The DCF Calculation is wrong. You should also include terminal value in the model. In your case, you are assuming the company stop operating at the end of Year-10. You can read about how to caluclate DC on this: http://www.investopedia.com/university/dcf/dcf4.asp
My humble opinion as a Karex shareholder. You need to understand the purpose of growth stock against traditional stable stocks. Growth for the stock is exponential and if you personally look at the output, eventually you will realize that most shareholders are investing on the future growth of the stock. KAREX is a growth stock. Besides it being a growth stock, I am currently getting 2.5 cents yearly. (not counting bonus issues and the growth of the share price)
Thanks for the comment lulhunter. I might be wrong, my concern would be that when it is trading at a price so high leveled up due to optimism on its business nature, I afraid that it might approach/exceed its future value. Anyway it is just my opinion as I have no correct estimation on its future growth and insights in this industry.
once Karek got a karat-quarter, the price will drop like waterfall... I believe yuawei didn't mean to tell Karek was bad, just that to invest Karek at current price might be a bad idea.(which i share exact the same idea though i didn't understand very well your calculation) if with regard to "cold eyes" formation, PE more than 20 is not something he will pursue, a fair PE for growth will be <<20. Personally, when i do stock screening, PE >20 will definitely out from my selection...
for those who think that "growth stocks reserve higher PE(in this case, i meant to say >>20), please try to look at https://sg.finance.yahoo.com/q?s=AAPL
hissyu2 is right about karat-quarter.
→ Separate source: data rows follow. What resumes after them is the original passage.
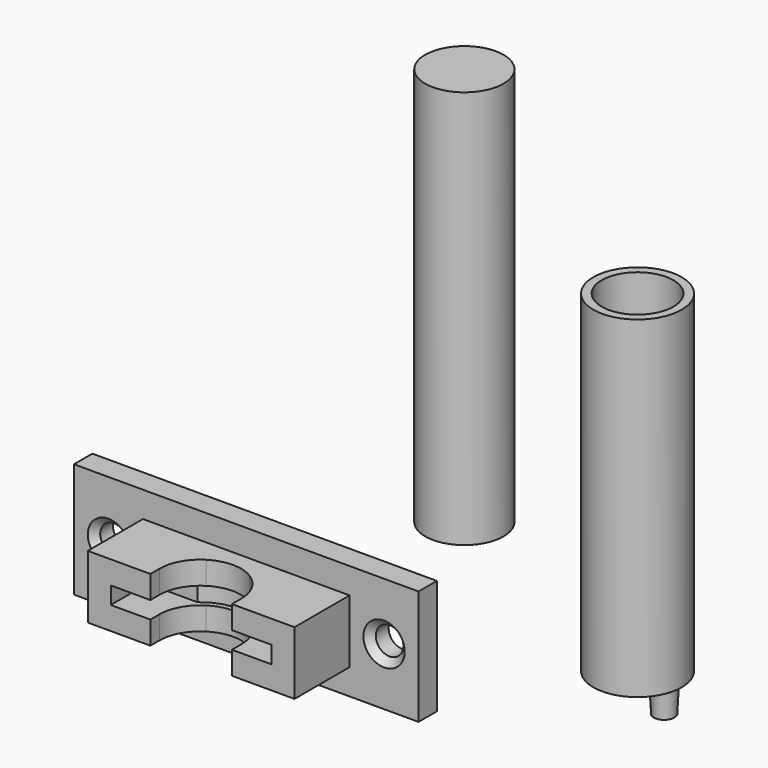
from build123d import *

# Parameters (mm, degrees)
F0_R      = 9.7663
F0_R_2    = 2.6035
F0_R_3    = 1.9304
F1_DEPTH  = 73.533
F2_R      = 7.9375
F3_DEPTH  = 73.406
F4_DEPTH  = 12.7
F4_TAPER  = 3
F5_DEPTH  = 25.4
F6_R      = 8.6614
F7_DEPTH  = 88.1634
F9_DEPTH  = 5.08
F10_DEPTH = 8.89
F11_START = 8.89
F11_DEPTH = 5.08
F12_W     = 76.2
F12_H     = 25.4
F12_R     = 3.048
F12_W_2   = 45.72
F12_H_2   = 13.97
F13_DEPTH = 5.08
F14_SIZE  = 1.524


# Not quite as in the source:
# - a feature names something its author has since deleted; it is built from what else it names


with BuildPart() as f1:
    # F0 (on Top) → F1 (new body)
    with BuildSketch(Plane.XY):
        Circle(F0_R)
        with Locations((5.8928, 0)):
            Circle(F0_R_2, mode=Mode.SUBTRACT)
        with Locations((5.8928, 0)):
            Circle(F0_R_2)
        with Locations((5.8928, 0)):
            Circle(F0_R_3, mode=Mode.SUBTRACT)
        with Locations((5.8928, 0)):
            Circle(F0_R_3)
    extrude(amount=F1_DEPTH)

    # F2 (on face) → F3 (cut)
    with BuildSketch(Plane.XY.offset(73.533)):
        Circle(F2_R)
    extrude(amount=-F3_DEPTH, mode=Mode.SUBTRACT)

    # F0 (on Top) → F4 (join)
    with BuildSketch(Plane.XY):
        with Locations((5.8928, 0)):
            Circle(F0_R_2)
        with Locations((5.8928, 0)):
            Circle(F0_R_3, mode=Mode.SUBTRACT)
    extrude(amount=-F4_DEPTH, taper=F4_TAPER)

    # F0 (on Top) → F5 (cut)
    with BuildSketch(Plane.XY):
        with Locations((5.8928, 0)):
            Circle(F0_R_3)
    extrude(amount=F5_DEPTH, mode=Mode.SUBTRACT)


with BuildPart() as f7:
    # F6 (on Top) → F7 (new body)
    with BuildSketch(Plane.XY):
        with Locations((-58.1890903413, 24.8557813466)):
            Circle(F6_R)
    extrude(amount=F7_DEPTH)


with BuildPart() as f9:
    # F8 (on Top) → F9 (new body)
    with BuildSketch(Plane.XY):
        with BuildLine():
            ThreePointArc((-69.332061944, -34.9999098742), (-62.6118536139, -32.4599098742), (-55.8916452837, -34.9999098742))
            Line((-55.8916452837, -34.9999098742), (-44.8318536139, -34.9999098742))
            Line((-44.8318536139, -34.9999098742), (-44.8318536139, -45.1599098742))
            Line((-44.8318536139, -45.1599098742), (-39.7518536139, -45.1599098742))
            Line((-39.7518536139, -45.1599098742), (-39.7518536139, -29.9199098742))
            Line((-39.7518536139, -29.9199098742), (-85.4718536139, -29.9199098742))
            Line((-85.4718536139, -29.9199098742), (-85.4718536139, -45.1599098742))
            Line((-85.4718536139, -45.1599098742), (-80.3918536139, -45.1599098742))
            Line((-80.3918536139, -45.1599098742), (-80.3918536139, -34.9999098742))
            Line((-80.3918536139, -34.9999098742), (-69.332061944, -34.9999098742))
        make_face()
        with BuildLine():
            Line((-72.7718536139, -45.1599098742), (-72.4492313132, -45.1599098742))
            ThreePointArc((-72.4492313132, -45.1599098742), (-72.6908753279, -43.9001134858), (-72.7718536139, -42.6199098742))
            Line((-72.7718536139, -42.6199098742), (-72.7718536139, -45.1599098742))
        make_face()
        with BuildLine():
            ThreePointArc((-52.4518536139, -42.6199098742), (-52.5328318998, -43.9001134858), (-52.7744759145, -45.1599098742))
            Line((-52.7744759145, -45.1599098742), (-52.4518536139, -45.1599098742))
            Line((-52.4518536139, -45.1599098742), (-52.4518536139, -42.6199098742))
        make_face()
        with BuildLine():
            ThreePointArc((-72.7718536139, -42.6199098742), (-71.872061944, -38.4397015441), (-69.332061944, -34.9999098742))
            Line((-69.332061944, -34.9999098742), (-80.3918536139, -34.9999098742))
            Line((-80.3918536139, -34.9999098742), (-80.3918536139, -45.1599098742))
            Line((-80.3918536139, -45.1599098742), (-72.7718536139, -45.1599098742))
            Line((-72.7718536139, -45.1599098742), (-72.7718536139, -42.6199098742))
        make_face()
        with BuildLine():
            Line((-44.8318536139, -34.9999098742), (-55.8916452837, -34.9999098742))
            ThreePointArc((-55.8916452837, -34.9999098742), (-53.3516452837, -38.4397015441), (-52.4518536139, -42.6199098742))
            Line((-52.4518536139, -42.6199098742), (-52.4518536139, -45.1599098742))
            Line((-52.4518536139, -45.1599098742), (-44.8318536139, -45.1599098742))
            Line((-44.8318536139, -45.1599098742), (-44.8318536139, -34.9999098742))
        make_face()
        with BuildLine():
            ThreePointArc((-67.4328378495, -34.9999098742), (-62.6118536139, -33.6029098742), (-57.7908693782, -34.9999098742))
            Line((-57.7908693782, -34.9999098742), (-55.8916452837, -34.9999098742))
            ThreePointArc((-55.8916452837, -34.9999098742), (-62.6118536139, -32.4599098742), (-69.332061944, -34.9999098742))
            Line((-69.332061944, -34.9999098742), (-67.4328378495, -34.9999098742))
        make_face()
        with BuildLine():
            Line((-71.6288536139, -45.1599098742), (-71.6288536139, -42.6199098742))
            ThreePointArc((-71.6288536139, -42.6199098742), (-70.5104960242, -38.2704573714), (-67.4328378495, -34.9999098742))
            Line((-67.4328378495, -34.9999098742), (-69.332061944, -34.9999098742))
            ThreePointArc((-69.332061944, -34.9999098742), (-71.872061944, -38.4397015441), (-72.7718536139, -42.6199098742))
            ThreePointArc((-72.7718536139, -42.6199098742), (-72.6908753279, -43.9001134858), (-72.4492313132, -45.1599098742))
            Line((-72.4492313132, -45.1599098742), (-71.6288536139, -45.1599098742))
        make_face()
        with BuildLine():
            ThreePointArc((-57.7908693782, -34.9999098742), (-54.7132112035, -38.2704573714), (-53.5948536139, -42.6199098742))
            Line((-53.5948536139, -42.6199098742), (-53.5948536139, -45.1599098742))
            Line((-53.5948536139, -45.1599098742), (-52.7744759145, -45.1599098742))
            ThreePointArc((-52.7744759145, -45.1599098742), (-52.5328318998, -43.9001134858), (-52.4518536139, -42.6199098742))
            ThreePointArc((-52.4518536139, -42.6199098742), (-53.3516452837, -38.4397015441), (-55.8916452837, -34.9999098742))
            Line((-55.8916452837, -34.9999098742), (-57.7908693782, -34.9999098742))
        make_face()
    extrude(amount=F9_DEPTH)

    # F8 (on Top) → F10 (join)
    with BuildSketch(Plane.XY):
        with BuildLine():
            ThreePointArc((-69.332061944, -34.9999098742), (-62.6118536139, -32.4599098742), (-55.8916452837, -34.9999098742))
            Line((-55.8916452837, -34.9999098742), (-44.8318536139, -34.9999098742))
            Line((-44.8318536139, -34.9999098742), (-44.8318536139, -45.1599098742))
            Line((-44.8318536139, -45.1599098742), (-39.7518536139, -45.1599098742))
            Line((-39.7518536139, -45.1599098742), (-39.7518536139, -29.9199098742))
            Line((-39.7518536139, -29.9199098742), (-85.4718536139, -29.9199098742))
            Line((-85.4718536139, -29.9199098742), (-85.4718536139, -45.1599098742))
            Line((-85.4718536139, -45.1599098742), (-80.3918536139, -45.1599098742))
            Line((-80.3918536139, -45.1599098742), (-80.3918536139, -34.9999098742))
            Line((-80.3918536139, -34.9999098742), (-69.332061944, -34.9999098742))
        make_face()
    extrude(amount=F10_DEPTH)

    # F8 (on Top) → F11 (join)
    with BuildSketch(Plane.XY.offset(F11_START)):
        with BuildLine():
            ThreePointArc((-69.332061944, -34.9999098742), (-62.6118536139, -32.4599098742), (-55.8916452837, -34.9999098742))
            Line((-55.8916452837, -34.9999098742), (-44.8318536139, -34.9999098742))
            Line((-44.8318536139, -34.9999098742), (-44.8318536139, -45.1599098742))
            Line((-44.8318536139, -45.1599098742), (-39.7518536139, -45.1599098742))
            Line((-39.7518536139, -45.1599098742), (-39.7518536139, -29.9199098742))
            Line((-39.7518536139, -29.9199098742), (-85.4718536139, -29.9199098742))
            Line((-85.4718536139, -29.9199098742), (-85.4718536139, -45.1599098742))
            Line((-85.4718536139, -45.1599098742), (-80.3918536139, -45.1599098742))
            Line((-80.3918536139, -45.1599098742), (-80.3918536139, -34.9999098742))
            Line((-80.3918536139, -34.9999098742), (-69.332061944, -34.9999098742))
        make_face()
        with BuildLine():
            Line((-44.8318536139, -34.9999098742), (-55.8916452837, -34.9999098742))
            ThreePointArc((-55.8916452837, -34.9999098742), (-53.3516452837, -38.4397015441), (-52.4518536139, -42.6199098742))
            Line((-52.4518536139, -42.6199098742), (-52.4518536139, -45.1599098742))
            Line((-52.4518536139, -45.1599098742), (-44.8318536139, -45.1599098742))
            Line((-44.8318536139, -45.1599098742), (-44.8318536139, -34.9999098742))
        make_face()
        with BuildLine():
            ThreePointArc((-67.4328378495, -34.9999098742), (-62.6118536139, -33.6029098742), (-57.7908693782, -34.9999098742))
            Line((-57.7908693782, -34.9999098742), (-55.8916452837, -34.9999098742))
            ThreePointArc((-55.8916452837, -34.9999098742), (-62.6118536139, -32.4599098742), (-69.332061944, -34.9999098742))
            Line((-69.332061944, -34.9999098742), (-67.4328378495, -34.9999098742))
        make_face()
        with BuildLine():
            ThreePointArc((-72.7718536139, -42.6199098742), (-71.872061944, -38.4397015441), (-69.332061944, -34.9999098742))
            Line((-69.332061944, -34.9999098742), (-80.3918536139, -34.9999098742))
            Line((-80.3918536139, -34.9999098742), (-80.3918536139, -45.1599098742))
            Line((-80.3918536139, -45.1599098742), (-72.7718536139, -45.1599098742))
            Line((-72.7718536139, -45.1599098742), (-72.7718536139, -42.6199098742))
        make_face()
        with BuildLine():
            Line((-72.7718536139, -45.1599098742), (-72.4492313132, -45.1599098742))
            ThreePointArc((-72.4492313132, -45.1599098742), (-72.6908753279, -43.9001134858), (-72.7718536139, -42.6199098742))
            Line((-72.7718536139, -42.6199098742), (-72.7718536139, -45.1599098742))
        make_face()
        with BuildLine():
            ThreePointArc((-52.4518536139, -42.6199098742), (-52.5328318998, -43.9001134858), (-52.7744759145, -45.1599098742))
            Line((-52.7744759145, -45.1599098742), (-52.4518536139, -45.1599098742))
            Line((-52.4518536139, -45.1599098742), (-52.4518536139, -42.6199098742))
        make_face()
        with BuildLine():
            Line((-71.6288536139, -45.1599098742), (-71.6288536139, -42.6199098742))
            ThreePointArc((-71.6288536139, -42.6199098742), (-70.5104960242, -38.2704573714), (-67.4328378495, -34.9999098742))
            Line((-67.4328378495, -34.9999098742), (-69.332061944, -34.9999098742))
            ThreePointArc((-69.332061944, -34.9999098742), (-71.872061944, -38.4397015441), (-72.7718536139, -42.6199098742))
            ThreePointArc((-72.7718536139, -42.6199098742), (-72.6908753279, -43.9001134858), (-72.4492313132, -45.1599098742))
            Line((-72.4492313132, -45.1599098742), (-71.6288536139, -45.1599098742))
        make_face()
        with BuildLine():
            ThreePointArc((-57.7908693782, -34.9999098742), (-54.7132112035, -38.2704573714), (-53.5948536139, -42.6199098742))
            Line((-53.5948536139, -42.6199098742), (-53.5948536139, -45.1599098742))
            Line((-53.5948536139, -45.1599098742), (-52.7744759145, -45.1599098742))
            ThreePointArc((-52.7744759145, -45.1599098742), (-52.5328318998, -43.9001134858), (-52.4518536139, -42.6199098742))
            ThreePointArc((-52.4518536139, -42.6199098742), (-53.3516452837, -38.4397015441), (-55.8916452837, -34.9999098742))
            Line((-55.8916452837, -34.9999098742), (-57.7908693782, -34.9999098742))
        make_face()
    extrude(amount=F11_DEPTH)

    # F12 (on face) → F13 (join)
    with BuildSketch(Plane(origin=(0, -29.9199098742, 0), x_dir=(-1, 0, 0), z_dir=(0, 1, 0))):
        with Locations((62.6118536139, 6.985)):
            Rectangle(F12_W, F12_H)
        with Locations((32.1318536139, 6.985)):
            Circle(F12_R, mode=Mode.SUBTRACT)
        with Locations((62.6118536139, 6.985)):
            Rectangle(F12_W_2, F12_H_2, mode=Mode.SUBTRACT)
        with Locations((93.0918536139, 6.985)):
            Circle(F12_R, mode=Mode.SUBTRACT)
        with Locations((62.6118536139, 6.985)):
            Rectangle(F12_W_2, F12_H_2)
    extrude(amount=F13_DEPTH)

    # F14
    f14_edges = [f9.edges().sort_by_distance(p)[0] for p in [
        (-90.043854, -29.91991, 6.985),
        (-29.083854, -29.91991, 6.985),
    ]]
    chamfer(f14_edges, length=F14_SIZE)


solid = Compound([f1.part, f7.part, f9.part])

That's why no one can time the market (or they are billionaires) At such high P/E ratio, Karex is definitely not the best stock to invest in NOW, but it is a good stock to keep when you bought it low, let's say during IPO price.
Mind you if you bought 1000 shares at RM 1850 during IPO: RM 1.85, the share you have now is 2250 after 2 rounds of bonus issue at the price of RM 3.30 which is worth RM 7425 adding RM 37.50 dividend making it worth RM 7462.50 as of today within 2 short years. Another thing to note is that their production capacity is increasing as they continue to setup their factories and acquisition.
Is it overvalued? Yes. Is it not worth investing? Definitely not.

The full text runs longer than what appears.